**TASK INPUTS**
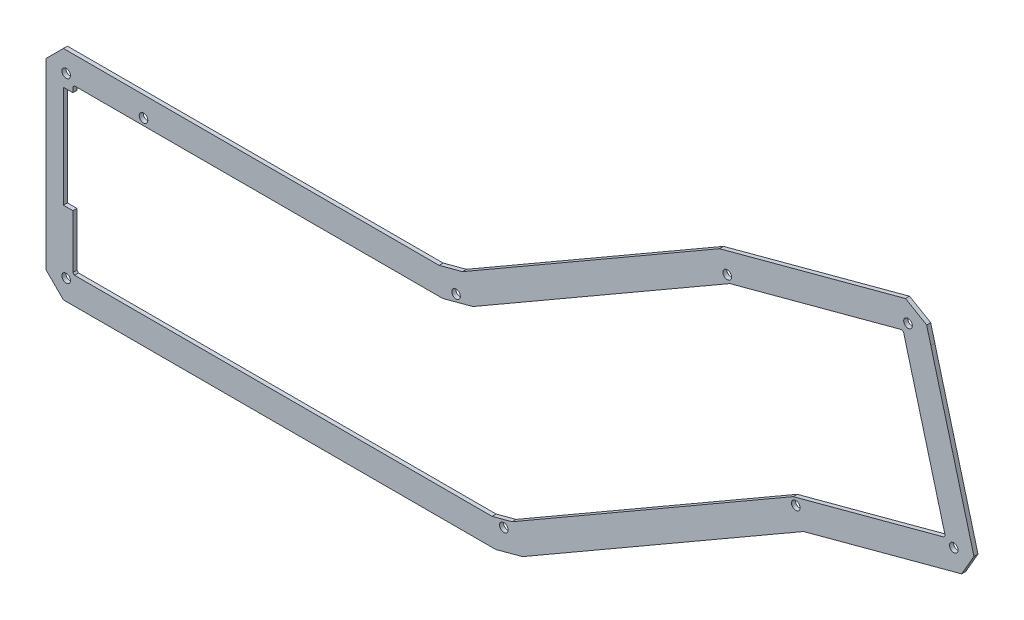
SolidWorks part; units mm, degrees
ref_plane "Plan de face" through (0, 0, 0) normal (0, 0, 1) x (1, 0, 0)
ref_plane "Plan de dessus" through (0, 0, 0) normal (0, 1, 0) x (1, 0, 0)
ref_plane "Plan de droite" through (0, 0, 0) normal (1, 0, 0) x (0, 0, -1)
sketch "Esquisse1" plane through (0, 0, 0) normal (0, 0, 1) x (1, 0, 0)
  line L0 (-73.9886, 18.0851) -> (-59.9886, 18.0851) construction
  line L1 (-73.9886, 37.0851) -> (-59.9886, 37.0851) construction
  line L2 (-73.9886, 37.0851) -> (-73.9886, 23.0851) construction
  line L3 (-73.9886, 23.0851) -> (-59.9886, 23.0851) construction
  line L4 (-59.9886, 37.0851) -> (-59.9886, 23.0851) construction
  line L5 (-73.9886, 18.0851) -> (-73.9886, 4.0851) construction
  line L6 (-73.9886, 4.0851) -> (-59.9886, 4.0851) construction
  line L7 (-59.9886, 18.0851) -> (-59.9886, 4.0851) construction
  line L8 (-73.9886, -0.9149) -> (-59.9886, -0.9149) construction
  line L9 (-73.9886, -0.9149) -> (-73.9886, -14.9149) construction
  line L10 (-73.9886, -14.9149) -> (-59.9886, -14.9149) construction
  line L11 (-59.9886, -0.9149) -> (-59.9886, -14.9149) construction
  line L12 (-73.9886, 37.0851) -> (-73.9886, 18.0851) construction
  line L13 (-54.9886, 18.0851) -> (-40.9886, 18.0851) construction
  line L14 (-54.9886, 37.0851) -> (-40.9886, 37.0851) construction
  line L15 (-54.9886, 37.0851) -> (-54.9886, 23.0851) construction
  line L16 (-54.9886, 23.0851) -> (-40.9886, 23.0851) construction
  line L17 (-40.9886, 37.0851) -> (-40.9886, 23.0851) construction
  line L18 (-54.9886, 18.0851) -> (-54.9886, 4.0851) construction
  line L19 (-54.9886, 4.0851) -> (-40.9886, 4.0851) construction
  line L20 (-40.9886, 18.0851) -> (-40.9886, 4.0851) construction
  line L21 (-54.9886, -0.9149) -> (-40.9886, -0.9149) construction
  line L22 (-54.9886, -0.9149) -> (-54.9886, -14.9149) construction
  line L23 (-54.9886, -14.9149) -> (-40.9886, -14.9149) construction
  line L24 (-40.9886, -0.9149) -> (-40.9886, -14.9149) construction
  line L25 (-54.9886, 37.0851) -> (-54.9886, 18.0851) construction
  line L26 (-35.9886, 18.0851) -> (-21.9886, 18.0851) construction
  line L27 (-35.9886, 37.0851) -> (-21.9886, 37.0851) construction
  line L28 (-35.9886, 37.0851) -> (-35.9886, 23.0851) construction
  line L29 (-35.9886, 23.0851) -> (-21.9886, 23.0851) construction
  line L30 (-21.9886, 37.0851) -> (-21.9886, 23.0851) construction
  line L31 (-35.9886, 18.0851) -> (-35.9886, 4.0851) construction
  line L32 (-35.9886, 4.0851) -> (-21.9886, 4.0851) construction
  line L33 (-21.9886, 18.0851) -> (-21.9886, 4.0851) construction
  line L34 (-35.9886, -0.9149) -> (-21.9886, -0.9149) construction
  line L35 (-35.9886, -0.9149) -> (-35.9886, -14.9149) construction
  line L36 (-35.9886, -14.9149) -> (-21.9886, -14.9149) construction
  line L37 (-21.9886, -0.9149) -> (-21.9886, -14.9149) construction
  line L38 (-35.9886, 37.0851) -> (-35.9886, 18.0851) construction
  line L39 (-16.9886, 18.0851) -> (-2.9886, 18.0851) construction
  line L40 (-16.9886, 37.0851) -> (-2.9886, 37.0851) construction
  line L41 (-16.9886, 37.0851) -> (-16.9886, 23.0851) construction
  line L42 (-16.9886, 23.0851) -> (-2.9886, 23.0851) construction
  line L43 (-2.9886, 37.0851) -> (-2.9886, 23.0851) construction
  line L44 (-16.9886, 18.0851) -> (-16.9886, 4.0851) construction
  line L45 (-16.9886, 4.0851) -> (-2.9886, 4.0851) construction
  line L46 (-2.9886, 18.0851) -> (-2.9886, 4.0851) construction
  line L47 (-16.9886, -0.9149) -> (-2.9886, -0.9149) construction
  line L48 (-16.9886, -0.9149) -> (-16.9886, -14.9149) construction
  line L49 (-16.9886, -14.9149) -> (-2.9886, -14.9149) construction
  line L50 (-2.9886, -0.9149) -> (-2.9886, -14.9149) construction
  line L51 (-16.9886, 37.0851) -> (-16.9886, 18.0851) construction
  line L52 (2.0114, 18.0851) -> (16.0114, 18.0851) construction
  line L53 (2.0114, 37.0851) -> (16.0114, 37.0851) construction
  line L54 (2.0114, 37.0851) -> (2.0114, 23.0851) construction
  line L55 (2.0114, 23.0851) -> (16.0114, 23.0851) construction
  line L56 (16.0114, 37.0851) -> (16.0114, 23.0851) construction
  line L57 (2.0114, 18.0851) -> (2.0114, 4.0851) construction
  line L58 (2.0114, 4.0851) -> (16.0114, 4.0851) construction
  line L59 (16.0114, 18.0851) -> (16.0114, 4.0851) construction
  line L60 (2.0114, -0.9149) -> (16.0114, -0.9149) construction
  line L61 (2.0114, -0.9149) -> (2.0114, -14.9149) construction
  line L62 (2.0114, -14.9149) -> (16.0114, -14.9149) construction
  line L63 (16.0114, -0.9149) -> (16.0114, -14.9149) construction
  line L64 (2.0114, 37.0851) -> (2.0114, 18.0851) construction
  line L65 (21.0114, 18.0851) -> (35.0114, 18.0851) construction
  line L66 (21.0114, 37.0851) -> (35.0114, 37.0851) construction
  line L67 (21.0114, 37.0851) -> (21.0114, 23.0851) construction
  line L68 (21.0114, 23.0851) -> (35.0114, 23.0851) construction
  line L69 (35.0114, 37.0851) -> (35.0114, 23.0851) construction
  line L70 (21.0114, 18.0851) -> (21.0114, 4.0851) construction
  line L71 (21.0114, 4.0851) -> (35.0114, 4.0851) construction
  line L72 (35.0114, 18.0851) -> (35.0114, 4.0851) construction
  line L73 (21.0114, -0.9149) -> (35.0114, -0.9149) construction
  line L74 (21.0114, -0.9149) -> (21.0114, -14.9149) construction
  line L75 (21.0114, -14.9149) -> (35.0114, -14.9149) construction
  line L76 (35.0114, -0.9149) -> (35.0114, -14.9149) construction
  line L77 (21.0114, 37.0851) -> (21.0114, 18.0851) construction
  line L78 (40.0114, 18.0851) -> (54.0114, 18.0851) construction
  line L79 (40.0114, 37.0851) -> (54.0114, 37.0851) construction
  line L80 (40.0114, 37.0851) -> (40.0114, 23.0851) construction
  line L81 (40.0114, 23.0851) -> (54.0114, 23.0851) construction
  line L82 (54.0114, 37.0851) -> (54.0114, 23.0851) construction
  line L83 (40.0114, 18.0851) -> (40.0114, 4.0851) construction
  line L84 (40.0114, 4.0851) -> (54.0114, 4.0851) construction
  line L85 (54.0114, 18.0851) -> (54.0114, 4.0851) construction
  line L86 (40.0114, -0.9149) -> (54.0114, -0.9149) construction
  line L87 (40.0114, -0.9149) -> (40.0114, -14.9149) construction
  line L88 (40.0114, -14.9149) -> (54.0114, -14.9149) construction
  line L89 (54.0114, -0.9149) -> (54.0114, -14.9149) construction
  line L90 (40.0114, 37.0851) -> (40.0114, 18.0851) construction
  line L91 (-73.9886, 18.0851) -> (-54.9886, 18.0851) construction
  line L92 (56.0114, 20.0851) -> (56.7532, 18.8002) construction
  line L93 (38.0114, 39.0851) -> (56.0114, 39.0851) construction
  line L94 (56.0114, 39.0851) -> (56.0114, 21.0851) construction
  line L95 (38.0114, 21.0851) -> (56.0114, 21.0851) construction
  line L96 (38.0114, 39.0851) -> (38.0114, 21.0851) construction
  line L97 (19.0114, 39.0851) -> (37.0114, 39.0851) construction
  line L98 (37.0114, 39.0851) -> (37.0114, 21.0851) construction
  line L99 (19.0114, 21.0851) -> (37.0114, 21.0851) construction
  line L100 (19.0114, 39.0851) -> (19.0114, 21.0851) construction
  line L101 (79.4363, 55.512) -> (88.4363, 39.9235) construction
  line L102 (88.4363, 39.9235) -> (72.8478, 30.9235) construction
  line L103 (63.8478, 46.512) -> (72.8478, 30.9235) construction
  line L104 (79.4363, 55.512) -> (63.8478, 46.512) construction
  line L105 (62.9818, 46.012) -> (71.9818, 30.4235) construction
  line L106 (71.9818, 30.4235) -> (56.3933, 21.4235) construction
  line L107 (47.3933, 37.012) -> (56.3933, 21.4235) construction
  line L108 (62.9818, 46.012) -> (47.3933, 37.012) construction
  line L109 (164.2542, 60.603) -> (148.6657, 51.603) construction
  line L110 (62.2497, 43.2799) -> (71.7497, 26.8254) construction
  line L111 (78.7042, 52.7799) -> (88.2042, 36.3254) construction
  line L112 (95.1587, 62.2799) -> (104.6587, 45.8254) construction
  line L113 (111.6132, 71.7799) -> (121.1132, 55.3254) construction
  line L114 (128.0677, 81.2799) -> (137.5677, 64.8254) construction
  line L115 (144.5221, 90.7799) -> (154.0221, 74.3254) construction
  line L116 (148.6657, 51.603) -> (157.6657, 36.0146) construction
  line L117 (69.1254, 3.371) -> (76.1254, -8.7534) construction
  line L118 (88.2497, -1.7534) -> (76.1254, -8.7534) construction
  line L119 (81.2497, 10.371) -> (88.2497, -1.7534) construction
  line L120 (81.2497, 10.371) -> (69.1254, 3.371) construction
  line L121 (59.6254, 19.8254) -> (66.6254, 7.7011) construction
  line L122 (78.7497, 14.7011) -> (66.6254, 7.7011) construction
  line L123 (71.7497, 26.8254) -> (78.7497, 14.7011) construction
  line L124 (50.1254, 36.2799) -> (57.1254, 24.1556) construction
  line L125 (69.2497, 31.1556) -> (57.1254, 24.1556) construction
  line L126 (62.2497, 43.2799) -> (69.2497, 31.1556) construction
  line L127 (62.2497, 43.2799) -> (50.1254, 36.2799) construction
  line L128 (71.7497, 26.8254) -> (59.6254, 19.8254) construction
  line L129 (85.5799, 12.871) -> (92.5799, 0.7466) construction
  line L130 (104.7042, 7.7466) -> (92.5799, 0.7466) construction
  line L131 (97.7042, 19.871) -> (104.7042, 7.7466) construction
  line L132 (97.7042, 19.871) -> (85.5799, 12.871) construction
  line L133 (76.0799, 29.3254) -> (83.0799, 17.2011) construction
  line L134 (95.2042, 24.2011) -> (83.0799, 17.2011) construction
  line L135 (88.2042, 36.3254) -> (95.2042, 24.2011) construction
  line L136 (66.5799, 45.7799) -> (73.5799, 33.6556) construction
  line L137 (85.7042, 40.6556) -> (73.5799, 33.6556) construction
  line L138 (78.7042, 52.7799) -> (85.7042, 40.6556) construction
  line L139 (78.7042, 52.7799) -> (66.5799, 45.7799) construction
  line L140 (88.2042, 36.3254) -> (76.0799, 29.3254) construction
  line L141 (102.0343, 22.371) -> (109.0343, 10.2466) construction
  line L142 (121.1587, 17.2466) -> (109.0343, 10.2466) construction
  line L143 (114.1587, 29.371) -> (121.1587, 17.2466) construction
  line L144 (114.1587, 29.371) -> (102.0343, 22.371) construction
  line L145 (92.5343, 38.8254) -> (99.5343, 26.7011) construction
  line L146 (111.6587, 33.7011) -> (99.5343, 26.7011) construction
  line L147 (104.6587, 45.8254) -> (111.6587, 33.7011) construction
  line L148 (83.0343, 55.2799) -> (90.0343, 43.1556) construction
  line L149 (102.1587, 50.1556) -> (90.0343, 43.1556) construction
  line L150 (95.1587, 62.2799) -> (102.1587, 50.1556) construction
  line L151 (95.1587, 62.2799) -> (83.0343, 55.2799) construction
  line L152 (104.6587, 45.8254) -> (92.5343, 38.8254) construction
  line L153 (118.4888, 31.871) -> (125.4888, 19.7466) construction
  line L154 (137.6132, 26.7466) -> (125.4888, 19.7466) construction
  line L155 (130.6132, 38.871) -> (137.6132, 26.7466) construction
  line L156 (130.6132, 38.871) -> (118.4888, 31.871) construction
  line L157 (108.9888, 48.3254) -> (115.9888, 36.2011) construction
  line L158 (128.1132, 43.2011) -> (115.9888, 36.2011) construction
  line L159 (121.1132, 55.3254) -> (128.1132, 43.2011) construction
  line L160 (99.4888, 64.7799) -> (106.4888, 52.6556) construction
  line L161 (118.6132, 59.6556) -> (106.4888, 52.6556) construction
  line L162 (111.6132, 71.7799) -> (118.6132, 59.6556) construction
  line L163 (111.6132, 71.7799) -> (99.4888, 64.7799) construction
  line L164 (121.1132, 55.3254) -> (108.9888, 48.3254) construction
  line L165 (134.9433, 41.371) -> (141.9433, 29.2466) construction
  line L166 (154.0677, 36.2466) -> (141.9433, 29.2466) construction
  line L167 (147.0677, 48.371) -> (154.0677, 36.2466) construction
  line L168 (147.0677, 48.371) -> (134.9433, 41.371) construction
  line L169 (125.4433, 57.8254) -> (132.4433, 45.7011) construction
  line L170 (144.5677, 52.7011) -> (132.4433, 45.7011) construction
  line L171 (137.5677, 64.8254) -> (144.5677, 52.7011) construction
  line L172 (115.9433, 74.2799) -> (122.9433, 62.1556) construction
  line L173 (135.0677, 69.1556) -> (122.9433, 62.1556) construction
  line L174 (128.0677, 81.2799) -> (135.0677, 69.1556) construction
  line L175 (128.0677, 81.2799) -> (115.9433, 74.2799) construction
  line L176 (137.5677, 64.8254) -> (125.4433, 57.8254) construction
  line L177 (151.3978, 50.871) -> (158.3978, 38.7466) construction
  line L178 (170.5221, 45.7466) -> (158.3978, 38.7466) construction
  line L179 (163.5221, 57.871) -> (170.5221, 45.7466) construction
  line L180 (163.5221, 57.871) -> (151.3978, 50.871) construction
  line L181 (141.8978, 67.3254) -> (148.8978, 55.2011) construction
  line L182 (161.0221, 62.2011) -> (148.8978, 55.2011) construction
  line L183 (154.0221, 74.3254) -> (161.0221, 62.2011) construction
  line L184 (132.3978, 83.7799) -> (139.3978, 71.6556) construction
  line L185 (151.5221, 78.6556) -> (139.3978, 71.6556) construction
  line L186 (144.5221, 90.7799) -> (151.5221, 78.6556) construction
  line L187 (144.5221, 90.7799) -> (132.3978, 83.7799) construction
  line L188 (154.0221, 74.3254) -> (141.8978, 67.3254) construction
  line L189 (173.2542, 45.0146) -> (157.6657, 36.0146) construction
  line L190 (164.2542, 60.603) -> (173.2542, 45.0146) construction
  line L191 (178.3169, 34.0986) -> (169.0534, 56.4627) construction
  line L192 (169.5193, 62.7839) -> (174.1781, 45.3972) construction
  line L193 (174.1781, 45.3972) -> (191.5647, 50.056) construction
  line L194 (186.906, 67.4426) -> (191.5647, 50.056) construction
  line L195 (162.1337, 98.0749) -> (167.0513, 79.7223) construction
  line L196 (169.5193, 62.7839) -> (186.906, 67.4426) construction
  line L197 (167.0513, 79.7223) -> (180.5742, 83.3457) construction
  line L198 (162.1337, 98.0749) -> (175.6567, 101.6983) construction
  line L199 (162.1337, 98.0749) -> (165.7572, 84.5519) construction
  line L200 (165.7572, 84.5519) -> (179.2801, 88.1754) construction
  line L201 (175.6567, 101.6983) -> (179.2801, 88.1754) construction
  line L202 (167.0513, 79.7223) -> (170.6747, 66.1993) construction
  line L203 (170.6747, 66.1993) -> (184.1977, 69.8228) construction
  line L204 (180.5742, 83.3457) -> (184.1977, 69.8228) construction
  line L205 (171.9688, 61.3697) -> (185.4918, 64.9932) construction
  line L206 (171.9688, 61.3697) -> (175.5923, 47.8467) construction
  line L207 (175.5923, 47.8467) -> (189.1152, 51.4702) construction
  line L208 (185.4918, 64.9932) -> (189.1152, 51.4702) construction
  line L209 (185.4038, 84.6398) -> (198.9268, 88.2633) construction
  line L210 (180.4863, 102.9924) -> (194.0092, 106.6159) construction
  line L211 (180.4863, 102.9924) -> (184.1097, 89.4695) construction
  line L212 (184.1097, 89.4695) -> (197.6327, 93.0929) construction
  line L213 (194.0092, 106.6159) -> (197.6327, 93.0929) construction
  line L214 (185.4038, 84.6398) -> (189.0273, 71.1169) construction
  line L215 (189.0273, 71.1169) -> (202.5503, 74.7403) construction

**REQUIRED ACTION**
From the entries above, copy out every line where the string "normal" appears.

**EXERCISE SOLUTION**
ref_plane "Plan de face" through (0, 0, 0) normal (0, 0, 1) x (1, 0, 0)
ref_plane "Plan de dessus" through (0, 0, 0) normal (0, 1, 0) x (1, 0, 0)
ref_plane "Plan de droite" through (0, 0, 0) normal (1, 0, 0) x (0, 0, -1)
sketch "Esquisse1" plane through (0, 0, 0) normal (0, 0, 1) x (1, 0, 0)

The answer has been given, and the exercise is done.